Derivation of Principle of Extreme Physical Information

TL;DR

This paper derives the principle of Extreme Physical Information (EPI) using information theory and axioms, providing a method to determine unknown source effects in physical systems.

Contribution

It introduces a derivation of EPI based on Hardy's axioms and Fisher information, linking source effects to an extremum principle.

Findings

EPI is derived as a minimum of the difference between intrinsic and observed information.

The extremum condition leads to a differential equation for the source amplitude law q(x).

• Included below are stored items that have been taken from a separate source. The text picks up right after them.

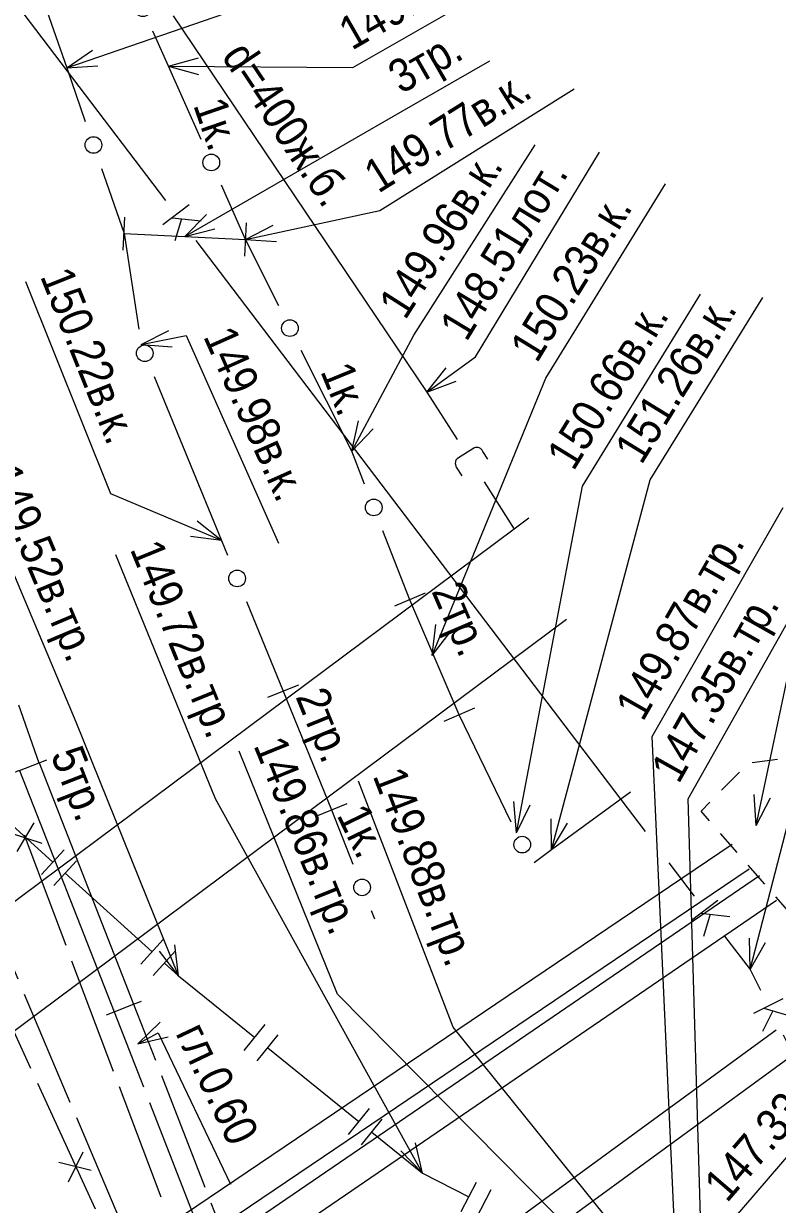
# Model space of a CAD drawing. Header units: metres. Extents: x 369 to 856, y 14070 to 14447.
# Drawn here: x 615.65 to 638.24, y 14284.32 to 14319.75 of the extents above; entities that cross this region are included whole.
import ezdxf
from ezdxf.enums import TextEntityAlignment as Align

# ---------------------------------------------------------------- set-up
doc = ezdxf.new("R2010")
doc.units = ezdxf.units.M
doc.header["$MEASUREMENT"] = 0
for name, color, linetype, lineweight in [('Водосток', 7, 'Continuous', 25), ('Водосточный коллектор', 7, 'Continuous', 25), ('Газопровод', 7, 'Continuous', 25), ('Кабели', 7, 'Continuous', 25), ('Кабель электрический', 7, 'Continuous', 25), ('Канализация самотёчная', 7, 'Continuous', 25)]:
    doc.layers.add(name, color=color, linetype=linetype, lineweight=lineweight)
doc.styles.add('Style-RUSSIAN_1251', font='RUSSIAN_1251.shx')
doc.styles.add('Style-RUSSIAN_1251 I 0.00000', font='RUSSIAN_1251.shx')

# ---------------------------------------------------------------- blocks, each defined once
blk = doc.blocks.new('msdElementTypeLineString_324')
at = {"layer": 'Кабель электрический', "color": 252, "linetype": 'Continuous', "lineweight": 9}
blk.add_line((16.938, 0.001), (16.326, 1.736), dxfattribs=at)
blk = doc.blocks.new('msdElementTypeMultiLine_30')
at = {"layer": 'Кабель электрический', "color": 252, "linetype": 'Continuous', "lineweight": 9}
blk.add_blockref('msdElementTypeLineString_324', (0, 0.207), dxfattribs=at)
blk = doc.blocks.new('msdElementTypeLineString_331')
at = {"layer": 'Кабель электрический', "color": 252, "linetype": 'Continuous', "lineweight": 9}
for p, q in [((0, 25.356), (0.862, 23.475)), ((1.07, 23.021), (2.793, 19.26)), ((3.001, 18.805), (4.725, 15.044)), ((4.933, 14.59), (6.656, 10.829)), ((6.865, 10.374), (8.588, 6.613)), ((10.653, 1.91), (11.446, 0))]:
    blk.add_line(p, q, dxfattribs=at)
at = {"layer": 'Кабель электрический', "color": 252, "linetype": 'Continuous', "lineweight": 9, "flags": 128}
blk.add_lwpolyline([(8.796, 6.159), (9.777, 4.018), (10.461, 2.372)], dxfattribs=at)
blk = doc.blocks.new('msdElementTypeLineString_332')
at = {"layer": 'Кабель электрический', "color": 252, "linetype": 'Continuous', "lineweight": 9}
for p, q in [((8.63, 8.714), (8.184, 7.818)), ((8.882, 8.169), (7.911, 8.408)), ((11.677, 1.806), (11.198, 0.927)), ((11.909, 1.253), (10.947, 1.527))]:
    blk.add_line(p, q, dxfattribs=at)
blk = doc.blocks.new('msdElementTypeMultiLine_34')
at = {"layer": 'Кабель электрический', "color": 252, "linetype": 'Continuous', "lineweight": 9}
for name, p in [('msdElementTypeLineString_331', (0.407, 0.407)), ('msdElementTypeLineString_332', (0, 0))]:
    blk.add_blockref(name, p, dxfattribs=at)
blk = doc.blocks.new('msdElementTypeLineString_333')
at = {"layer": 'Кабель электрический', "color": 252, "linetype": 'Continuous', "lineweight": 9}
for p, q in [((0.685, 24.285), (0, 25.905)), ((2.25, 20.584), (0.88, 23.824)), ((3.814, 16.884), (2.444, 20.124)), ((5.379, 13.183), (4.009, 16.423)), ((6.944, 9.483), (5.574, 12.723)), ((8.509, 5.782), (7.139, 9.022)), ((10.073, 2.082), (8.703, 5.322)), ((10.953, 0.001), (10.268, 1.621))]:
    blk.add_line(p, q, dxfattribs=at)
blk = doc.blocks.new('msdElementTypeLineString_334')
at = {"layer": 'Кабель электрический', "color": 252, "linetype": 'Continuous', "lineweight": 9}
for p, q in [((2.135, 21.265), (2.608, 22.147)), ((1.9, 21.817), (2.863, 21.549))]:
    blk.add_line(p, q, dxfattribs=at)
blk = doc.blocks.new('msdElementTypeMultiLine_35')
at = {"layer": 'Кабель электрический', "color": 252, "linetype": 'Continuous', "lineweight": 9}
for name, p in [('msdElementTypeLineString_333', (0.407, 0.407)), ('msdElementTypeLineString_334', (0, 0))]:
    blk.add_blockref(name, p, dxfattribs=at)
blk = doc.blocks.new('msdElementTypeLine_105')
at = {"layer": 'Кабель электрический', "color": 252, "linetype": 'Continuous', "lineweight": 9}
for p, q in [((0.707, 0.353), (0.939, 0.444)), ((-0.107, 0.034), (0.125, 0.126)), ((0.125, 0.125), (0.707, 0.353))]:
    blk.add_line(p, q, dxfattribs=at)
blk = doc.blocks.new('msdElementTypeLine_106')
at = {"layer": 'Кабель электрический', "color": 252, "linetype": 'Continuous', "lineweight": 9}
for p, q in [((0.707, 0.353), (0.939, 0.444)), ((-0.107, 0.034), (0.125, 0.126)), ((0.125, 0.125), (0.707, 0.353))]:
    blk.add_line(p, q, dxfattribs=at)
blk = doc.blocks.new('msdElementTypeMultiLine_36')
at = {"layer": 'Кабель электрический', "color": 252, "linetype": 'Continuous', "lineweight": 9, "flags": 128}
for points in [[(0.707, 7.599), (3.542, 0.353)], [(0.125, 7.371), (2.96, 0.125)]]:
    blk.add_lwpolyline(points, dxfattribs=at)
at = {"layer": 'Кабель электрический', "color": 252, "linetype": 'Continuous', "lineweight": 9}
for name, p in [('msdElementTypeLine_106', (0, 7.246)), ('msdElementTypeLine_105', (2.835, 0))]:
    blk.add_blockref(name, p, dxfattribs=at)
blk = doc.blocks.new('msdElementTypeLineString_335')
at = {"layer": 'Канализация самотёчная', "color": 252, "linetype": 'Continuous', "lineweight": 9}
blk.add_line((24.867, 17.01), (48.496, 33.173), dxfattribs=at)
blk = doc.blocks.new('msdElementTypeLineString_336')
at = {"layer": 'Канализация самотёчная', "color": 252, "linetype": 'Continuous', "lineweight": 9}
blk.add_line((24.867, 17.01), (48.495, 33.173), dxfattribs=at)
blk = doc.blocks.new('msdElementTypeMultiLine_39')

The derivation connects information theory with physical principles through variational methods.

Abstract

The unknown amplitude law q(x) defining an observed effect may be found using the principle of Extreme Physical Information. EPI is derived as follows. The observations follow an information flow J --> I, with J the information intrinsic to the source and I the Fisher information level in its data, obeying (i) I=4 Integral dx q' -squared. Here q'= dq/dx and p(x) = q(x)-squared is the probability. It was previously shown, using L. Hardy's 5 axioms defining physics, that I = max. Therefore, its variation (ii) delta I = 0. Note that I is generic, obeying (i) for all source effects, whereas J is specific to the particular effect. Hence, rather than having form (i), J obeys (iii) J = Integral dx j[q(x),s(x)] with j some function of its arguments and s(x) a known source, such as of mass, biological fitness, etc. Information I decreases under any irreversible operation such as measurement, so that I l.e. J or, equivalently, I = kJ where 0 l.e. k l.e. 1. Then the variation delta I = k delta J so that property (ii) gives (iv) delta J = 0 as well. Then combining (ii) and (iv), delta(I - J) = 0. Or, I - J = L = extremum. What kind of extremum? Eqs. (i) and (iii) give (v) L=4q'^2 - j[q(x),s(x)]. Differentiating (v), (d^2 L )/(dq'^2) = +8. Then by the Legendre condition the extremum is a minimum. The unknown source effect obeys (vi) I - J= minimum, EPI.